Restate the material below word for word, from its first line to its last.
━━━━━━━━━━
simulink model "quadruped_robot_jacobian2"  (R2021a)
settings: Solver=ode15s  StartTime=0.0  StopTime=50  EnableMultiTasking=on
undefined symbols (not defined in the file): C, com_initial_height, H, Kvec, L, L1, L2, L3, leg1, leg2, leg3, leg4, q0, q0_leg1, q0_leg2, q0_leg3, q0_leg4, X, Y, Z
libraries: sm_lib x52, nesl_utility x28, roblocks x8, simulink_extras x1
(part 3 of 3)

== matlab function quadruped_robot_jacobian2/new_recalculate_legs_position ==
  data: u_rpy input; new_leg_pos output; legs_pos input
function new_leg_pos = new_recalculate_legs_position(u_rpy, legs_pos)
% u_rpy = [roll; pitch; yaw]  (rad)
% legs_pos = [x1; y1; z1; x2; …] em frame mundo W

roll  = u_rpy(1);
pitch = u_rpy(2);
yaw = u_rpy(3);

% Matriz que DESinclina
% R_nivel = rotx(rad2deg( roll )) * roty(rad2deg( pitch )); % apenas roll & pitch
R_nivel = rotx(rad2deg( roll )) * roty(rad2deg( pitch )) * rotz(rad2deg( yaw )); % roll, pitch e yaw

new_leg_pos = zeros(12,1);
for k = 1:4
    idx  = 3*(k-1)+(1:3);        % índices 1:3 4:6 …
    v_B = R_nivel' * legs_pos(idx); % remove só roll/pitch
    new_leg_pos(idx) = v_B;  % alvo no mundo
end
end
━━━━━━━━━━
# RESPONSE AREA:
simulink model "quadruped_robot_jacobian2"  (R2021a)
settings: Solver=ode15s  StartTime=0.0  StopTime=50  EnableMultiTasking=on
undefined symbols (not defined in the file): C, com_initial_height, H, Kvec, L, L1, L2, L3, leg1, leg2, leg3, leg4, q0, q0_leg1, q0_leg2, q0_leg3, q0_leg4, X, Y, Z
libraries: sm_lib x52, nesl_utility x28, roblocks x8, simulink_extras x1
(part 3 of 3)

== matlab function quadruped_robot_jacobian2/new_recalculate_legs_position ==
  data: u_rpy input; new_leg_pos output; legs_pos input
function new_leg_pos = new_recalculate_legs_position(u_rpy, legs_pos)
% u_rpy = [roll; pitch; yaw]  (rad)
% legs_pos = [x1; y1; z1; x2; …] em frame mundo W

roll  = u_rpy(1);
pitch = u_rpy(2);
yaw = u_rpy(3);

% Matriz que DESinclina
% R_nivel = rotx(rad2deg( roll )) * roty(rad2deg( pitch )); % apenas roll & pitch
R_nivel = rotx(rad2deg( roll )) * roty(rad2deg( pitch )) * rotz(rad2deg( yaw )); % roll, pitch e yaw

new_leg_pos = zeros(12,1);
for k = 1:4
    idx  = 3*(k-1)+(1:3);        % índices 1:3 4:6 …
    v_B = R_nivel' * legs_pos(idx); % remove só roll/pitch
    new_leg_pos(idx) = v_B;  % alvo no mundo
end
end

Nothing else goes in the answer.